Para melhor compreensão das condições ambientais no interior dos laboratórios, procedemos à elaboração do mapa de riscos. O objetivo de um mapa de risco é melhorar as condições de trabalho, ao fornecer aos trabalhadores informações sobre os riscos aos quais estão sendo expostos, de modo que possam consciente e ativamente participar da prevenção

de acidentes. Particularmente em laboratórios de serviços de saúde, o mapa de risco auxilia na

conscientização da adoção de Boas Práticas em Laboratório, tema importante da

Biossegurança, cujo objetivo é a prevenção de acidentes e exposição a riscos, evitando o desenvolvimento de doenças ocupacionais. Foi neste contexto que Mattos & Santos (In Mastroeni, 2004) escreveram o capítulo “Mapa de Risco” no livro “Biossegurança Aplicada a Laboratórios e Serviços de Saúde” organizado por Mastroeni (2004).

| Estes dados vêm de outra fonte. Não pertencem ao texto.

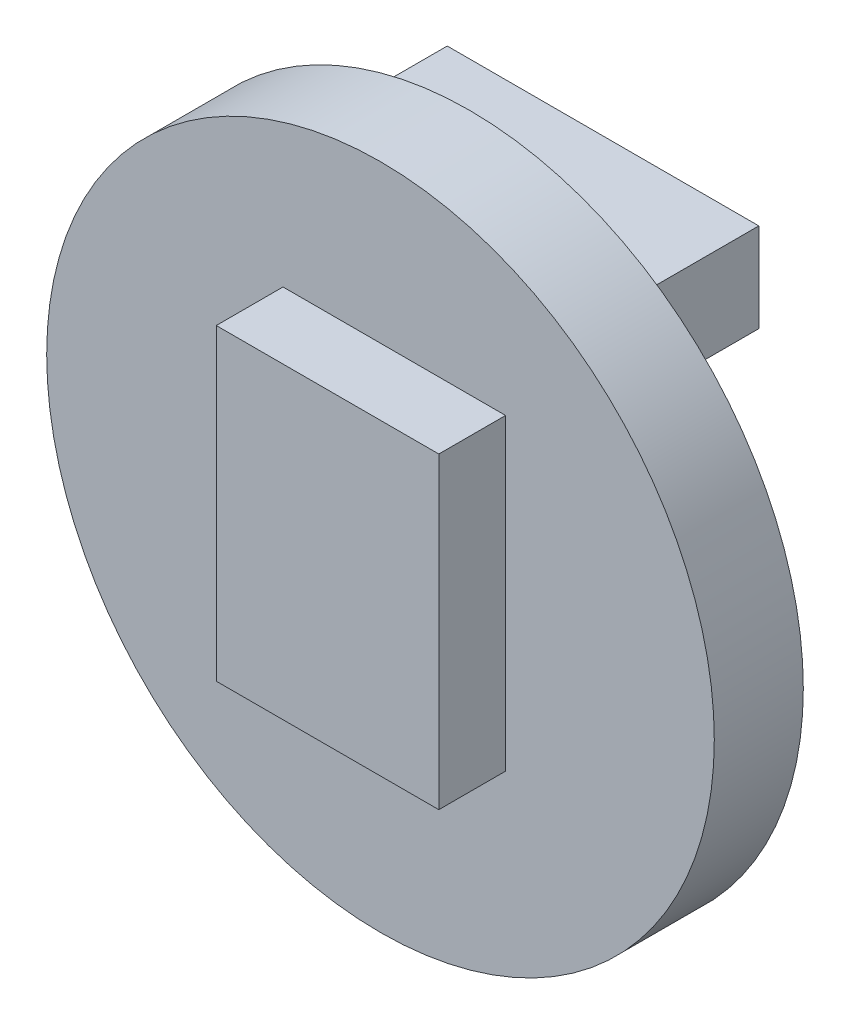
ISO-10303-21;
HEADER;
FILE_DESCRIPTION(('STEP AP214'),'2;1');
FILE_NAME('part.step','',(''),(''),'','','');
FILE_SCHEMA(('AUTOMOTIVE_DESIGN { 1 0 10303 214 1 1 1 1 }'));
ENDSEC;
DATA;
#1=APPLICATION_CONTEXT('core data for automotive mechanical design processes');
#2=APPLICATION_PROTOCOL_DEFINITION('international standard','automotive_design',2000,#1);
#3=PRODUCT_CONTEXT('',#1,'mechanical');
#4=PRODUCT('Part','Part','',(#3));
#5=PRODUCT_RELATED_PRODUCT_CATEGORY('part','',(#4));
#6=PRODUCT_DEFINITION_FORMATION('','',#4);
#7=PRODUCT_DEFINITION_CONTEXT('part definition',#1,'design');
#8=PRODUCT_DEFINITION('design','',#6,#7);
#9=PRODUCT_DEFINITION_SHAPE('','',#8);
#10=(LENGTH_UNIT() NAMED_UNIT(*) SI_UNIT(.MILLI.,.METRE.));
#11=(NAMED_UNIT(*) PLANE_ANGLE_UNIT() SI_UNIT($,.RADIAN.));
#12=(NAMED_UNIT(*) SI_UNIT($,.STERADIAN.) SOLID_ANGLE_UNIT());
#13=UNCERTAINTY_MEASURE_WITH_UNIT(LENGTH_MEASURE(1.E-05),#10,'distance_accuracy_value','');
#14=(GEOMETRIC_REPRESENTATION_CONTEXT(3) GLOBAL_UNCERTAINTY_ASSIGNED_CONTEXT((#13)) GLOBAL_UNIT_ASSIGNED_CONTEXT((#10,
#11,#12)) REPRESENTATION_CONTEXT('',''));
#15=CARTESIAN_POINT('',(0.,0.,0.));
#16=DIRECTION('',(0.,0.,1.));
#17=DIRECTION('',(1.,0.,0.));
#18=AXIS2_PLACEMENT_3D('',#15,#16,#17);
#19=CARTESIAN_POINT('',(0.,0.,0.));
#20=DIRECTION('',(0.,0.,1.));
#21=DIRECTION('',(1.,0.,0.));
#22=AXIS2_PLACEMENT_3D('',#19,#20,#21);
#23=PLANE('',#22);
#24=CARTESIAN_POINT('',(0.,0.,0.));
#25=DIRECTION('',(0.,0.,1.));
#26=DIRECTION('',(1.,0.,0.));
#27=AXIS2_PLACEMENT_3D('',#24,#25,#26);
#28=CIRCLE('',#27,7.5);
#29=CARTESIAN_POINT('',(7.5,0.,0.));
#30=VERTEX_POINT('',#29);
#31=EDGE_CURVE('E35',#30,#30,#28,.T.);
#32=ORIENTED_EDGE('',*,*,#31,.F.);
#33=EDGE_LOOP('',(#32));
#34=FACE_BOUND('',#33,.T.);
#35=DIRECTION('',(0.,1.,0.));
#36=VECTOR('',#35,1.);
#37=CARTESIAN_POINT('',(-3.5,5.5,0.));
#38=LINE('',#37,#36);
#39=CARTESIAN_POINT('',(-3.5,3.5,0.));
#40=VERTEX_POINT('',#39);
#41=CARTESIAN_POINT('',(-3.5,5.5,0.));
#42=VERTEX_POINT('',#41);
#43=EDGE_CURVE('E116',#40,#42,#38,.T.);
#44=ORIENTED_EDGE('',*,*,#43,.F.);
#45=DIRECTION('',(-1.,0.,0.));
#46=VECTOR('',#45,1.);
#47=CARTESIAN_POINT('',(3.5,3.5,0.));
#48=LINE('',#47,#46);
#49=CARTESIAN_POINT('',(3.5,3.5,0.));
#50=VERTEX_POINT('',#49);
#51=EDGE_CURVE('E113',#50,#40,#48,.T.);
#52=ORIENTED_EDGE('',*,*,#51,.F.);
#53=DIRECTION('',(0.,-1.,0.));
#54=VECTOR('',#53,1.);
#55=CARTESIAN_POINT('',(3.5,5.5,0.));
#56=LINE('',#55,#54);
#57=CARTESIAN_POINT('',(3.5,5.5,0.));
#58=VERTEX_POINT('',#57);
#59=EDGE_CURVE('E51',#58,#50,#56,.T.);
#60=ORIENTED_EDGE('',*,*,#59,.F.);
#61=DIRECTION('',(1.,0.,0.));
#62=VECTOR('',#61,1.);
#63=CARTESIAN_POINT('',(3.5,5.5,0.));
#64=LINE('',#63,#62);
#65=EDGE_CURVE('E46',#42,#58,#64,.T.);
#66=ORIENTED_EDGE('',*,*,#65,.F.);
#67=EDGE_LOOP('',(#44,#52,#60,#66));
#68=FACE_BOUND('',#67,.T.);
#69=ADVANCED_FACE('F31',(#34,#68),#23,.F.);
#70=CARTESIAN_POINT('',(0.,0.,2.));
#71=DIRECTION('',(0.,0.,1.));
#72=DIRECTION('',(1.,0.,0.));
#73=AXIS2_PLACEMENT_3D('',#70,#71,#72);
#74=PLANE('',#73);
#75=CARTESIAN_POINT('',(0.,0.,2.));
#76=DIRECTION('',(0.,0.,1.));
#77=DIRECTION('',(1.,0.,0.));
#78=AXIS2_PLACEMENT_3D('',#75,#76,#77);
#79=CIRCLE('',#78,7.5);
#80=CARTESIAN_POINT('',(7.5,0.,2.));
#81=VERTEX_POINT('',#80);
#82=EDGE_CURVE('E11',#81,#81,#79,.T.);
#83=ORIENTED_EDGE('',*,*,#82,.T.);
#84=EDGE_LOOP('',(#83));
#85=FACE_BOUND('',#84,.T.);
#86=DIRECTION('',(-1.,0.,0.));
#87=VECTOR('',#86,1.);
#88=CARTESIAN_POINT('',(-2.1897618838112,3.96647103969272,2.));
#89=LINE('',#88,#87);
#90=CARTESIAN_POINT('',(2.8102381161888,3.96647103969272,2.));
#91=VERTEX_POINT('',#90);
#92=CARTESIAN_POINT('',(-2.1897618838112,3.96647103969272,2.));
#93=VERTEX_POINT('',#92);
#94=EDGE_CURVE('E120',#91,#93,#89,.T.);
#95=ORIENTED_EDGE('',*,*,#94,.F.);
#96=DIRECTION('',(0.,1.,0.));
#97=VECTOR('',#96,1.);
#98=CARTESIAN_POINT('',(2.8102381161888,3.96647103969272,2.));
#99=LINE('',#98,#97);
#100=CARTESIAN_POINT('',(2.8102381161888,-2.95428590822766,2.));
#101=VERTEX_POINT('',#100);
#102=EDGE_CURVE('E117',#101,#91,#99,.T.);
#103=ORIENTED_EDGE('',*,*,#102,.F.);
#104=DIRECTION('',(1.,0.,0.));
#105=VECTOR('',#104,1.);
#106=CARTESIAN_POINT('',(-2.1897618838112,-2.95428590822766,2.));
#107=LINE('',#106,#105);
#108=CARTESIAN_POINT('',(-2.1897618838112,-2.95428590822766,2.));
#109=VERTEX_POINT('',#108);
#110=EDGE_CURVE('E130',#109,#101,#107,.T.);
#111=ORIENTED_EDGE('',*,*,#110,.F.);
#112=DIRECTION('',(0.,-1.,0.));
#113=VECTOR('',#112,1.);
#114=CARTESIAN_POINT('',(-2.1897618838112,3.96647103969272,2.));
#115=LINE('',#114,#113);
#116=EDGE_CURVE('E138',#93,#109,#115,.T.);
#117=ORIENTED_EDGE('',*,*,#116,.F.);
#118=EDGE_LOOP('',(#95,#103,#111,#117));
#119=FACE_BOUND('',#118,.T.);
#120=ADVANCED_FACE('F157',(#85,#119),#74,.T.);
#121=CARTESIAN_POINT('',(0.,0.,2.));
#122=DIRECTION('',(0.,0.,-1.));
#123=DIRECTION('',(-1.,0.,0.));
#124=AXIS2_PLACEMENT_3D('',#121,#122,#123);
#125=CYLINDRICAL_SURFACE('',#124,7.5);
#126=ORIENTED_EDGE('',*,*,#82,.F.);
#127=EDGE_LOOP('',(#126));
#128=FACE_BOUND('',#127,.T.);
#129=ORIENTED_EDGE('',*,*,#31,.T.);
#130=EDGE_LOOP('',(#129));
#131=FACE_BOUND('',#130,.T.);
#132=ADVANCED_FACE('F33',(#128,#131),#125,.T.);
#133=CARTESIAN_POINT('',(2.8102381161888,3.96647103969272,3.5));
#134=DIRECTION('',(-1.,0.,0.));
#135=DIRECTION('',(0.,0.,1.));
#136=AXIS2_PLACEMENT_3D('',#133,#134,#135);
#137=PLANE('',#136);
#138=ORIENTED_EDGE('',*,*,#102,.T.);
#139=DIRECTION('',(0.,0.,-1.));
#140=VECTOR('',#139,1.);
#141=CARTESIAN_POINT('',(2.8102381161888,3.96647103969272,3.5));
#142=LINE('',#141,#140);
#143=CARTESIAN_POINT('',(2.8102381161888,3.96647103969272,3.5));
#144=VERTEX_POINT('',#143);
#145=EDGE_CURVE('E149',#144,#91,#142,.T.);
#146=ORIENTED_EDGE('',*,*,#145,.F.);
#147=DIRECTION('',(0.,1.,0.));
#148=VECTOR('',#147,1.);
#149=CARTESIAN_POINT('',(2.8102381161888,3.96647103969272,3.5));
#150=LINE('',#149,#148);
#151=CARTESIAN_POINT('',(2.8102381161888,-2.95428590822766,3.5));
#152=VERTEX_POINT('',#151);
#153=EDGE_CURVE('E126',#152,#144,#150,.T.);
#154=ORIENTED_EDGE('',*,*,#153,.F.);
#155=DIRECTION('',(0.,0.,-1.));
#156=VECTOR('',#155,1.);
#157=CARTESIAN_POINT('',(2.8102381161888,-2.95428590822766,3.5));
#158=LINE('',#157,#156);
#159=EDGE_CURVE('E135',#152,#101,#158,.T.);
#160=ORIENTED_EDGE('',*,*,#159,.T.);
#161=EDGE_LOOP('',(#138,#146,#154,#160));
#162=FACE_BOUND('',#161,.T.);
#163=ADVANCED_FACE('F200',(#162),#137,.F.);
#164=CARTESIAN_POINT('',(-2.1897618838112,3.96647103969272,3.5));
#165=DIRECTION('',(0.,-1.,0.));
#166=DIRECTION('',(0.,0.,-1.));
#167=AXIS2_PLACEMENT_3D('',#164,#165,#166);
#168=PLANE('',#167);
#169=ORIENTED_EDGE('',*,*,#94,.T.);
#170=DIRECTION('',(0.,0.,-1.));
#171=VECTOR('',#170,1.);
#172=CARTESIAN_POINT('',(-2.1897618838112,3.96647103969272,3.5));
#173=LINE('',#172,#171);
#174=CARTESIAN_POINT('',(-2.1897618838112,3.96647103969272,3.5));
#175=VERTEX_POINT('',#174);
#176=EDGE_CURVE('E146',#175,#93,#173,.T.);
#177=ORIENTED_EDGE('',*,*,#176,.F.);
#178=DIRECTION('',(-1.,0.,0.));
#179=VECTOR('',#178,1.);
#180=CARTESIAN_POINT('',(-2.1897618838112,3.96647103969272,3.5));
#181=LINE('',#180,#179);
#182=EDGE_CURVE('E129',#144,#175,#181,.T.);
#183=ORIENTED_EDGE('',*,*,#182,.F.);
#184=ORIENTED_EDGE('',*,*,#145,.T.);
#185=EDGE_LOOP('',(#169,#177,#183,#184));
#186=FACE_BOUND('',#185,.T.);
#187=ADVANCED_FACE('F196',(#186),#168,.F.);
#188=CARTESIAN_POINT('',(-2.1897618838112,3.96647103969272,3.5));
#189=DIRECTION('',(1.,0.,0.));
#190=DIRECTION('',(0.,1.,0.));
#191=AXIS2_PLACEMENT_3D('',#188,#189,#190);
#192=PLANE('',#191);
#193=ORIENTED_EDGE('',*,*,#116,.T.);
#194=DIRECTION('',(0.,0.,-1.));
#195=VECTOR('',#194,1.);
#196=CARTESIAN_POINT('',(-2.1897618838112,-2.95428590822766,3.5));
#197=LINE('',#196,#195);
#198=CARTESIAN_POINT('',(-2.1897618838112,-2.95428590822766,3.5));
#199=VERTEX_POINT('',#198);
#200=EDGE_CURVE('E144',#199,#109,#197,.T.);
#201=ORIENTED_EDGE('',*,*,#200,.F.);
#202=DIRECTION('',(0.,-1.,0.));
#203=VECTOR('',#202,1.);
#204=CARTESIAN_POINT('',(-2.1897618838112,3.96647103969272,3.5));
#205=LINE('',#204,#203);
#206=EDGE_CURVE('E132',#175,#199,#205,.T.);
#207=ORIENTED_EDGE('',*,*,#206,.F.);
#208=ORIENTED_EDGE('',*,*,#176,.T.);
#209=EDGE_LOOP('',(#193,#201,#207,#208));
#210=FACE_BOUND('',#209,.T.);
#211=ADVANCED_FACE('F192',(#210),#192,.F.);
#212=CARTESIAN_POINT('',(-2.1897618838112,-2.95428590822766,3.5));
#213=DIRECTION('',(0.,1.,0.));
#214=DIRECTION('',(0.,0.,1.));
#215=AXIS2_PLACEMENT_3D('',#212,#213,#214);
#216=PLANE('',#215);
#217=ORIENTED_EDGE('',*,*,#110,.T.);
#218=ORIENTED_EDGE('',*,*,#159,.F.);
#219=DIRECTION('',(1.,0.,0.));
#220=VECTOR('',#219,1.);
#221=CARTESIAN_POINT('',(-2.1897618838112,-2.95428590822766,3.5));
#222=LINE('',#221,#220);
#223=EDGE_CURVE('E134',#199,#152,#222,.T.);
#224=ORIENTED_EDGE('',*,*,#223,.F.);
#225=ORIENTED_EDGE('',*,*,#200,.T.);
#226=EDGE_LOOP('',(#217,#218,#224,#225));
#227=FACE_BOUND('',#226,.T.);
#228=ADVANCED_FACE('F188',(#227),#216,.F.);
#229=CARTESIAN_POINT('',(2.8102381161888,-2.95428590822766,3.5));
#230=DIRECTION('',(0.,0.,1.));
#231=DIRECTION('',(1.,0.,0.));
#232=AXIS2_PLACEMENT_3D('',#229,#230,#231);
#233=PLANE('',#232);
#234=ORIENTED_EDGE('',*,*,#153,.T.);
#235=ORIENTED_EDGE('',*,*,#182,.T.);
#236=ORIENTED_EDGE('',*,*,#206,.T.);
#237=ORIENTED_EDGE('',*,*,#223,.T.);
#238=EDGE_LOOP('',(#234,#235,#236,#237));
#239=FACE_BOUND('',#238,.T.);
#240=ADVANCED_FACE('F185',(#239),#233,.T.);
#241=CARTESIAN_POINT('',(-3.5,5.5,-3.));
#242=DIRECTION('',(1.,0.,0.));
#243=DIRECTION('',(0.,1.,0.));
#244=AXIS2_PLACEMENT_3D('',#241,#242,#243);
#245=PLANE('',#244);
#246=ORIENTED_EDGE('',*,*,#43,.T.);
#247=DIRECTION('',(0.,0.,1.));
#248=VECTOR('',#247,1.);
#249=CARTESIAN_POINT('',(-3.5,5.5,-3.));
#250=LINE('',#249,#248);
#251=CARTESIAN_POINT('',(-3.5,5.5,-3.));
#252=VERTEX_POINT('',#251);
#253=EDGE_CURVE('E97',#252,#42,#250,.T.);
#254=ORIENTED_EDGE('',*,*,#253,.F.);
#255=DIRECTION('',(0.,1.,0.));
#256=VECTOR('',#255,1.);
#257=CARTESIAN_POINT('',(-3.5,5.5,-3.));
#258=LINE('',#257,#256);
#259=CARTESIAN_POINT('',(-3.5,3.5,-3.));
#260=VERTEX_POINT('',#259);
#261=EDGE_CURVE('E104',#260,#252,#258,.T.);
#262=ORIENTED_EDGE('',*,*,#261,.F.);
#263=DIRECTION('',(0.,0.,1.));
#264=VECTOR('',#263,1.);
#265=CARTESIAN_POINT('',(-3.5,3.5,-3.));
#266=LINE('',#265,#264);
#267=EDGE_CURVE('E163',#260,#40,#266,.T.);
#268=ORIENTED_EDGE('',*,*,#267,.T.);
#269=EDGE_LOOP('',(#246,#254,#262,#268));
#270=FACE_BOUND('',#269,.T.);
#271=ADVANCED_FACE('F115',(#270),#245,.F.);
#272=CARTESIAN_POINT('',(3.5,5.5,-3.));
#273=DIRECTION('',(0.,-1.,0.));
#274=DIRECTION('',(0.,0.,-1.));
#275=AXIS2_PLACEMENT_3D('',#272,#273,#274);
#276=PLANE('',#275);
#277=ORIENTED_EDGE('',*,*,#65,.T.);
#278=DIRECTION('',(0.,0.,1.));
#279=VECTOR('',#278,1.);
#280=CARTESIAN_POINT('',(3.5,5.5,-3.));
#281=LINE('',#280,#279);
#282=CARTESIAN_POINT('',(3.5,5.5,-3.));
#283=VERTEX_POINT('',#282);
#284=EDGE_CURVE('E100',#283,#58,#281,.T.);
#285=ORIENTED_EDGE('',*,*,#284,.F.);
#286=DIRECTION('',(1.,0.,0.));
#287=VECTOR('',#286,1.);
#288=CARTESIAN_POINT('',(3.5,5.5,-3.));
#289=LINE('',#288,#287);
#290=EDGE_CURVE('E93',#252,#283,#289,.T.);
#291=ORIENTED_EDGE('',*,*,#290,.F.);
#292=ORIENTED_EDGE('',*,*,#253,.T.);
#293=EDGE_LOOP('',(#277,#285,#291,#292));
#294=FACE_BOUND('',#293,.T.);
#295=ADVANCED_FACE('F95',(#294),#276,.F.);
#296=CARTESIAN_POINT('',(3.5,5.5,-3.));
#297=DIRECTION('',(-1.,0.,0.));
#298=DIRECTION('',(0.,-1.,0.));
#299=AXIS2_PLACEMENT_3D('',#296,#297,#298);
#300=PLANE('',#299);
#301=ORIENTED_EDGE('',*,*,#59,.T.);
#302=DIRECTION('',(0.,0.,1.));
#303=VECTOR('',#302,1.);
#304=CARTESIAN_POINT('',(3.5,3.5,-3.));
#305=LINE('',#304,#303);
#306=CARTESIAN_POINT('',(3.5,3.5,-3.));
#307=VERTEX_POINT('',#306);
#308=EDGE_CURVE('E122',#307,#50,#305,.T.);
#309=ORIENTED_EDGE('',*,*,#308,.F.);
#310=DIRECTION('',(0.,-1.,0.));
#311=VECTOR('',#310,1.);
#312=CARTESIAN_POINT('',(3.5,5.5,-3.));
#313=LINE('',#312,#311);
#314=EDGE_CURVE('E103',#283,#307,#313,.T.);
#315=ORIENTED_EDGE('',*,*,#314,.F.);
#316=ORIENTED_EDGE('',*,*,#284,.T.);
#317=EDGE_LOOP('',(#301,#309,#315,#316));
#318=FACE_BOUND('',#317,.T.);
#319=ADVANCED_FACE('F172',(#318),#300,.F.);
#320=CARTESIAN_POINT('',(3.5,3.5,-3.));
#321=DIRECTION('',(0.,1.,0.));
#322=DIRECTION('',(0.,0.,1.));
#323=AXIS2_PLACEMENT_3D('',#320,#321,#322);
#324=PLANE('',#323);
#325=ORIENTED_EDGE('',*,*,#51,.T.);
#326=ORIENTED_EDGE('',*,*,#267,.F.);
#327=DIRECTION('',(-1.,0.,0.));
#328=VECTOR('',#327,1.);
#329=CARTESIAN_POINT('',(3.5,3.5,-3.));
#330=LINE('',#329,#328);
#331=EDGE_CURVE('E109',#307,#260,#330,.T.);
#332=ORIENTED_EDGE('',*,*,#331,.F.);
#333=ORIENTED_EDGE('',*,*,#308,.T.);
#334=EDGE_LOOP('',(#325,#326,#332,#333));
#335=FACE_BOUND('',#334,.T.);
#336=ADVANCED_FACE('F162',(#335),#324,.F.);
#337=CARTESIAN_POINT('',(-3.5,3.5,-3.));
#338=DIRECTION('',(0.,0.,-1.));
#339=DIRECTION('',(-1.,0.,0.));
#340=AXIS2_PLACEMENT_3D('',#337,#338,#339);
#341=PLANE('',#340);
#342=ORIENTED_EDGE('',*,*,#261,.T.);
#343=ORIENTED_EDGE('',*,*,#290,.T.);
#344=ORIENTED_EDGE('',*,*,#314,.T.);
#345=ORIENTED_EDGE('',*,*,#331,.T.);
#346=EDGE_LOOP('',(#342,#343,#344,#345));
#347=FACE_BOUND('',#346,.T.);
#348=ADVANCED_FACE('F107',(#347),#341,.T.);
#349=CLOSED_SHELL('',(#69,#120,#132,#163,#187,#211,#228,#240,#271,#295,#319,#336,#348));
#350=MANIFOLD_SOLID_BREP('B2',#349);
#351=ADVANCED_BREP_SHAPE_REPRESENTATION('',(#18,#350),#14);
#352=SHAPE_DEFINITION_REPRESENTATION(#9,#351);
ENDSEC;
END-ISO-10303-21;

O item 5.16 alínea “a”, da NR 5, aprovada pela Portaria 3.214/78, atribui à Comissão Interna de Prevenção de Acidentes – CIPA de uma empresa, a elaboração do mapa de risco: “Identificar os riscos do processo de trabalho, e elaborar o mapa de riscos, com a participação do maior número de trabalhadores, com assessoria do SESMT, onde houver” (Moraes, 2005). A redação atual da NR 5 não estabelece metodologia, porém a redação anterior trazia uma metodologia que pode ainda ser empregada.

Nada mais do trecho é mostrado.